* [What you should do]:
An exact transcription of all the records below is required, without any images.

↓↓↓

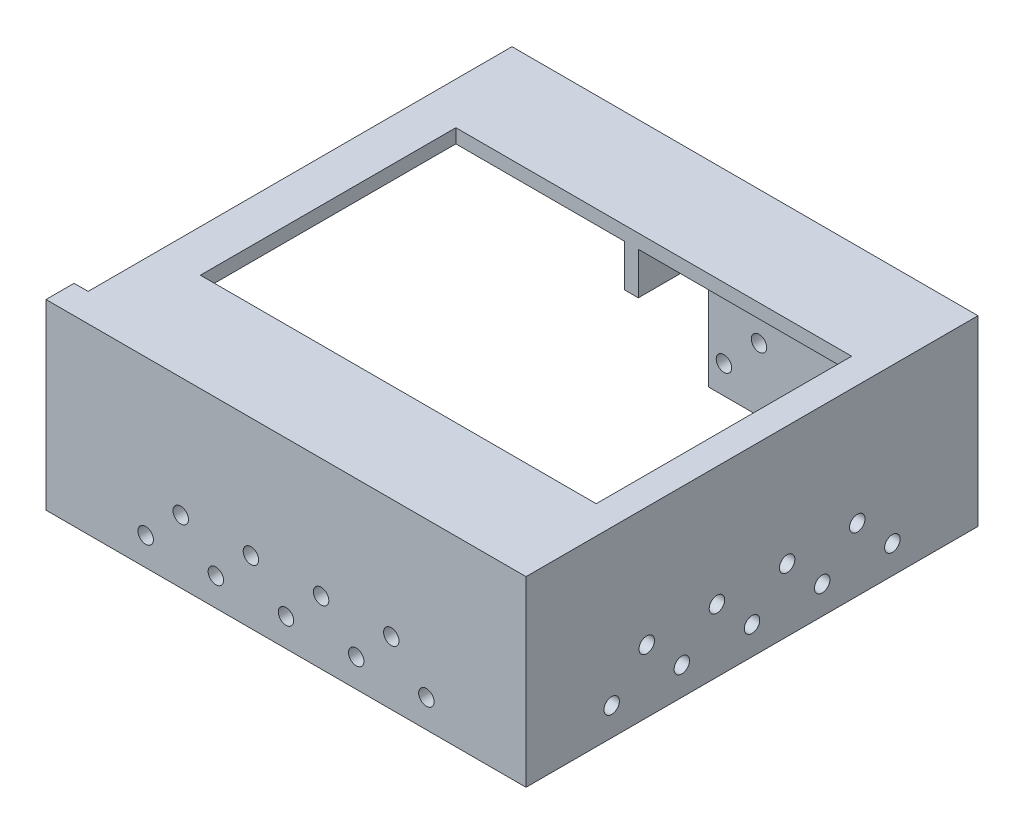
from build123d import *

# Parameters (mm, degrees)
SKETCH1_W                      = 170.999999046
SKETCH1_H                      = 160.999999046
BOSS_EXTRUDE1_DEPTH            = 5
SKETCH2_W                      = 150.999999046
SKETCH2_H                      = 5
CUT_EXTRUDE1_DEPTH             = 5
SKETCH3_W                      = 140.999999046
SKETCH3_H                      = 5
CUT_EXTRUDE2_DEPTH             = 91.000001431
BOSS_EXTRUDE2_DEPTH            = 60
SKETCH5_W                      = 30
SKETCH5_H                      = 45
CUT_EXTRUDE3_DEPTH             = 81.000001431
CUT_EXTRUDE4_REACH             = 159.636
SKETCH7_W                      = 76.000001431
SKETCH7_H                      = 30
SKETCH8_W                      = 115.999999046
SKETCH8_H                      = 60
CUT_EXTRUDE5_DEPTH             = 5
SKETCH9_W                      = 5
SKETCH9_H                      = 30
CUT_EXTRUDE6_DEPTH             = 45
CUT_EXTRUDE7_REACH             = 197.582
SKETCH10_W                     = 155.999999046
SKETCH10_H                     = 60
SKETCH11_W                     = 5
SKETCH11_H                     = 45
CUT_EXTRUDE8_DEPTH             = 5
F_5_5_5_5_DIAMETER_HOLE1_D     = 5.5
F_5_5_5_5_DIAMETER_HOLE2_D     = 5.5
F_5_5_5_5_DIAMETER_HOLE2_DEPTH = 5
F_5_5_5_5_DIAMETER_HOLE3_D     = 5.5
RIB1_START                     = -2.5
RIB1_OUTLINE_W                 = 10
RIB1_OUTLINE_H                 = 15
RIB1_DEPTH                     = 5


# Read off the part's stored shape, not the designer's step: Rib1
with BuildPart() as part:
    # Sketch1 → Boss-Extrude1 (new body)
    with BuildSketch(Plane.XZ):
        with Locations((16.069853306, -24.060089588)):
            Rectangle(SKETCH1_W, SKETCH1_H)
    extrude(amount=-BOSS_EXTRUDE1_DEPTH)

    # Sketch2 → Cut-Extrude1 (cut)
    with BuildSketch(Plane.ZY.offset(69.430146217)):
        with Locations((-29.060089588, 2.5)):
            Rectangle(SKETCH2_W, SKETCH2_H)
    extrude(amount=-CUT_EXTRUDE1_DEPTH, mode=Mode.SUBTRACT)

    # Sketch3 → Cut-Extrude2 (cut)
    with BuildSketch(Plane(origin=(0, 0, -69.560089111), x_dir=(-1, 0, 0), z_dir=(0, 0, -1))):
        with Locations((-21.069853306, 2.5)):
            Rectangle(SKETCH3_W, SKETCH3_H)
    extrude(amount=-CUT_EXTRUDE2_DEPTH, mode=Mode.SUBTRACT)

    # Sketch4 → Boss-Extrude2 (add)
    with BuildSketch(Plane.XZ):
        Polygon((91.569852829, 46.439909935), (-69.430146217, 46.439909935), (-69.430146217, 56.439909935), (101.569852829, 56.439909935), (101.569852829, -104.560089111), (10.569851398, -104.560089111), (10.569851398, -69.560089111), (91.569852829, -69.560089111), align=None)
    extrude(amount=BOSS_EXTRUDE2_DEPTH)

    # Sketch5 → Cut-Extrude3 (cut)
    with BuildSketch(Plane.ZY.offset(-10.569851398)):
        with Locations((-84.560089111, -37.5)):
            Rectangle(SKETCH5_W, SKETCH5_H)
    extrude(amount=-CUT_EXTRUDE3_DEPTH, mode=Mode.SUBTRACT)

    # Sketch7 → Cut-Extrude4 (cut, up to next)
    with BuildSketch(Plane(origin=(0, 0, 0), x_dir=(1, 0, 0), z_dir=(0, 1, 0)), mode=Mode.PRIVATE) as cut_extrude4_sk1:
        with Locations((53.569852114, 84.560089111)):
            Rectangle(SKETCH7_W, SKETCH7_H)
    cut_extrude4_tool1 = extrude(cut_extrude4_sk1.sketch, amount=-CUT_EXTRUDE4_REACH, mode=Mode.PRIVATE) & part.part
    add(cut_extrude4_tool1.solids().sort_by_distance((53.569852, 0, -84.560089))[0], mode=Mode.SUBTRACT)

    # Sketch8 → Cut-Extrude5 (cut)
    with BuildSketch(Plane.ZY.offset(-91.569852829)):
        with Locations((-11.560089588, -30)):
            Rectangle(SKETCH8_W, SKETCH8_H)
    extrude(amount=-CUT_EXTRUDE5_DEPTH, mode=Mode.SUBTRACT)

    # Sketch9 → Cut-Extrude6 (cut)
    with BuildSketch(Plane.XZ.offset(60)):
        with Locations((94.069852829, -84.560089111)):
            Rectangle(SKETCH9_W, SKETCH9_H)
    extrude(amount=-CUT_EXTRUDE6_DEPTH, mode=Mode.SUBTRACT)

    # Sketch10 → Cut-Extrude7 (cut, up to next)
    with BuildSketch(Plane.XY.offset(51.439909935), mode=Mode.PRIVATE) as cut_extrude7_sk1:
        with Locations((18.569853306, -30)):
            Rectangle(SKETCH10_W, SKETCH10_H)
    cut_extrude7_tool1 = extrude(cut_extrude7_sk1.sketch, amount=-CUT_EXTRUDE7_REACH, mode=Mode.PRIVATE) & part.part
    add(cut_extrude7_tool1.solids().sort_by_distance((18.569853, -30, 51.43991))[0], mode=Mode.SUBTRACT)

    # Sketch11 → Cut-Extrude8 (cut)
    with BuildSketch(Plane(origin=(0, 0, 46.439909935), x_dir=(-1, 0, 0), z_dir=(0, 0, -1))):
        with Locations((61.930146217, -37.5)):
            Rectangle(SKETCH11_W, SKETCH11_H)
    extrude(amount=-CUT_EXTRUDE8_DEPTH, mode=Mode.SUBTRACT)

    # Ø5.5 (5.5) Diameter Hole1 (through all)
    with Locations(Plane.ZY.offset(-96.569852829)):
        with Locations((-61.560090383, -37.500000596), (-74.06009078, -50.000000795), (-49.059914748, -50.000000795), (-36.560089588, -37.500000596), (-11.560088396, -37.500000596), (13.439912299, -37.500000596), (0.939911927, -50.000000795), (25.939911604, -50.000000795), (-24.060088595, -50.000000795)):
            Hole(F_5_5_5_5_DIAMETER_HOLE1_D / 2)

    # Ø5.5 (5.5) Diameter Hole2
    with Locations(Plane(origin=(0, 0, 51.439909935), x_dir=(-1, 0, 0), z_dir=(0, 0, -1))):
        with Locations((33.93014888, -50.000000795), (21.430148681, -37.500000596), (8.93014883, -50.000000795), (-3.569851859, -37.500000596), (-16.069851716, -50.000000795), (-28.569851518, -37.500000596), (-41.069852312, -50.000000795), (-53.569852511, -37.500000596), (-66.069851716, -50.000000795)):
            Hole(F_5_5_5_5_DIAMETER_HOLE2_D / 2, depth=F_5_5_5_5_DIAMETER_HOLE2_DEPTH)

    # Ø5.5 (5.5) Diameter Hole3 (through all)
    with Locations(Plane.XY.offset(-99.560089111)):
        with Locations((16.069851716, -50.000000795), (28.569851518, -37.500000596), (41.069852312, -50.000000795), (53.569852511, -37.500000596), (66.069851716, -50.000000795)):
            Hole(F_5_5_5_5_DIAMETER_HOLE3_D / 2)

    # Rib1 outline → Rib1 (add)
    with BuildSketch(Plane(origin=(18.069851398, 0, 0), x_dir=(0, 0, -1), z_dir=(1, 0, 0)).offset(RIB1_START)):
        with Locations((-46.439909935, -7.5)):
            Rectangle(RIB1_OUTLINE_W, RIB1_OUTLINE_H)
    extrude(amount=RIB1_DEPTH)


solid = part.part

↑↑↑

* [Result of the exercise]:
from build123d import *

# Parameters (mm, degrees)
SKETCH1_W                      = 170.999999046
SKETCH1_H                      = 160.999999046
BOSS_EXTRUDE1_DEPTH            = 5
SKETCH2_W                      = 150.999999046
SKETCH2_H                      = 5
CUT_EXTRUDE1_DEPTH             = 5
SKETCH3_W                      = 140.999999046
SKETCH3_H                      = 5
CUT_EXTRUDE2_DEPTH             = 91.000001431
BOSS_EXTRUDE2_DEPTH            = 60
SKETCH5_W                      = 30
SKETCH5_H                      = 45
CUT_EXTRUDE3_DEPTH             = 81.000001431
CUT_EXTRUDE4_REACH             = 159.636
SKETCH7_W                      = 76.000001431
SKETCH7_H                      = 30
SKETCH8_W                      = 115.999999046
SKETCH8_H                      = 60
CUT_EXTRUDE5_DEPTH             = 5
SKETCH9_W                      = 5
SKETCH9_H                      = 30
CUT_EXTRUDE6_DEPTH             = 45
CUT_EXTRUDE7_REACH             = 197.582
SKETCH10_W                     = 155.999999046
SKETCH10_H                     = 60
SKETCH11_W                     = 5
SKETCH11_H                     = 45
CUT_EXTRUDE8_DEPTH             = 5
F_5_5_5_5_DIAMETER_HOLE1_D     = 5.5
F_5_5_5_5_DIAMETER_HOLE2_D     = 5.5
F_5_5_5_5_DIAMETER_HOLE2_DEPTH = 5
F_5_5_5_5_DIAMETER_HOLE3_D     = 5.5
RIB1_START                     = -2.5
RIB1_OUTLINE_W                 = 10
RIB1_OUTLINE_H                 = 15
RIB1_DEPTH                     = 5


# Read off the part's stored shape, not the designer's step: Rib1
with BuildPart() as part:
    # Sketch1 → Boss-Extrude1 (new body)
    with BuildSketch(Plane.XZ):
        with Locations((16.069853306, -24.060089588)):
            Rectangle(SKETCH1_W, SKETCH1_H)
    extrude(amount=-BOSS_EXTRUDE1_DEPTH)

    # Sketch2 → Cut-Extrude1 (cut)
    with BuildSketch(Plane.ZY.offset(69.430146217)):
        with Locations((-29.060089588, 2.5)):
            Rectangle(SKETCH2_W, SKETCH2_H)
    extrude(amount=-CUT_EXTRUDE1_DEPTH, mode=Mode.SUBTRACT)

    # Sketch3 → Cut-Extrude2 (cut)
    with BuildSketch(Plane(origin=(0, 0, -69.560089111), x_dir=(-1, 0, 0), z_dir=(0, 0, -1))):
        with Locations((-21.069853306, 2.5)):
            Rectangle(SKETCH3_W, SKETCH3_H)
    extrude(amount=-CUT_EXTRUDE2_DEPTH, mode=Mode.SUBTRACT)

    # Sketch4 → Boss-Extrude2 (add)
    with BuildSketch(Plane.XZ):
        Polygon((91.569852829, 46.439909935), (-69.430146217, 46.439909935), (-69.430146217, 56.439909935), (101.569852829, 56.439909935), (101.569852829, -104.560089111), (10.569851398, -104.560089111), (10.569851398, -69.560089111), (91.569852829, -69.560089111), align=None)
    extrude(amount=BOSS_EXTRUDE2_DEPTH)

    # Sketch5 → Cut-Extrude3 (cut)
    with BuildSketch(Plane.ZY.offset(-10.569851398)):
        with Locations((-84.560089111, -37.5)):
            Rectangle(SKETCH5_W, SKETCH5_H)
    extrude(amount=-CUT_EXTRUDE3_DEPTH, mode=Mode.SUBTRACT)

    # Sketch7 → Cut-Extrude4 (cut, up to next)
    with BuildSketch(Plane(origin=(0, 0, 0), x_dir=(1, 0, 0), z_dir=(0, 1, 0)), mode=Mode.PRIVATE) as cut_extrude4_sk1:
        with Locations((53.569852114, 84.560089111)):
            Rectangle(SKETCH7_W, SKETCH7_H)
    cut_extrude4_tool1 = extrude(cut_extrude4_sk1.sketch, amount=-CUT_EXTRUDE4_REACH, mode=Mode.PRIVATE) & part.part
    add(cut_extrude4_tool1.solids().sort_by_distance((53.569852, 0, -84.560089))[0], mode=Mode.SUBTRACT)

    # Sketch8 → Cut-Extrude5 (cut)
    with BuildSketch(Plane.ZY.offset(-91.569852829)):
        with Locations((-11.560089588, -30)):
            Rectangle(SKETCH8_W, SKETCH8_H)
    extrude(amount=-CUT_EXTRUDE5_DEPTH, mode=Mode.SUBTRACT)

    # Sketch9 → Cut-Extrude6 (cut)
    with BuildSketch(Plane.XZ.offset(60)):
        with Locations((94.069852829, -84.560089111)):
            Rectangle(SKETCH9_W, SKETCH9_H)
    extrude(amount=-CUT_EXTRUDE6_DEPTH, mode=Mode.SUBTRACT)

    # Sketch10 → Cut-Extrude7 (cut, up to next)
    with BuildSketch(Plane.XY.offset(51.439909935), mode=Mode.PRIVATE) as cut_extrude7_sk1:
        with Locations((18.569853306, -30)):
            Rectangle(SKETCH10_W, SKETCH10_H)
    cut_extrude7_tool1 = extrude(cut_extrude7_sk1.sketch, amount=-CUT_EXTRUDE7_REACH, mode=Mode.PRIVATE) & part.part
    add(cut_extrude7_tool1.solids().sort_by_distance((18.569853, -30, 51.43991))[0], mode=Mode.SUBTRACT)

    # Sketch11 → Cut-Extrude8 (cut)
    with BuildSketch(Plane(origin=(0, 0, 46.439909935), x_dir=(-1, 0, 0), z_dir=(0, 0, -1))):
        with Locations((61.930146217, -37.5)):
            Rectangle(SKETCH11_W, SKETCH11_H)
    extrude(amount=-CUT_EXTRUDE8_DEPTH, mode=Mode.SUBTRACT)

    # Ø5.5 (5.5) Diameter Hole1 (through all)
    with Locations(Plane.ZY.offset(-96.569852829)):
        with Locations((-61.560090383, -37.500000596), (-74.06009078, -50.000000795), (-49.059914748, -50.000000795), (-36.560089588, -37.500000596), (-11.560088396, -37.500000596), (13.439912299, -37.500000596), (0.939911927, -50.000000795), (25.939911604, -50.000000795), (-24.060088595, -50.000000795)):
            Hole(F_5_5_5_5_DIAMETER_HOLE1_D / 2)

    # Ø5.5 (5.5) Diameter Hole2
    with Locations(Plane(origin=(0, 0, 51.439909935), x_dir=(-1, 0, 0), z_dir=(0, 0, -1))):
        with Locations((33.93014888, -50.000000795), (21.430148681, -37.500000596), (8.93014883, -50.000000795), (-3.569851859, -37.500000596), (-16.069851716, -50.000000795), (-28.569851518, -37.500000596), (-41.069852312, -50.000000795), (-53.569852511, -37.500000596), (-66.069851716, -50.000000795)):
            Hole(F_5_5_5_5_DIAMETER_HOLE2_D / 2, depth=F_5_5_5_5_DIAMETER_HOLE2_DEPTH)

    # Ø5.5 (5.5) Diameter Hole3 (through all)
    with Locations(Plane.XY.offset(-99.560089111)):
        with Locations((16.069851716, -50.000000795), (28.569851518, -37.500000596), (41.069852312, -50.000000795), (53.569852511, -37.500000596), (66.069851716, -50.000000795)):
            Hole(F_5_5_5_5_DIAMETER_HOLE3_D / 2)

    # Rib1 outline → Rib1 (add)
    with BuildSketch(Plane(origin=(18.069851398, 0, 0), x_dir=(0, 0, -1), z_dir=(1, 0, 0)).offset(RIB1_START)):
        with Locations((-46.439909935, -7.5)):
            Rectangle(RIB1_OUTLINE_W, RIB1_OUTLINE_H)
    extrude(amount=RIB1_DEPTH)


solid = part.part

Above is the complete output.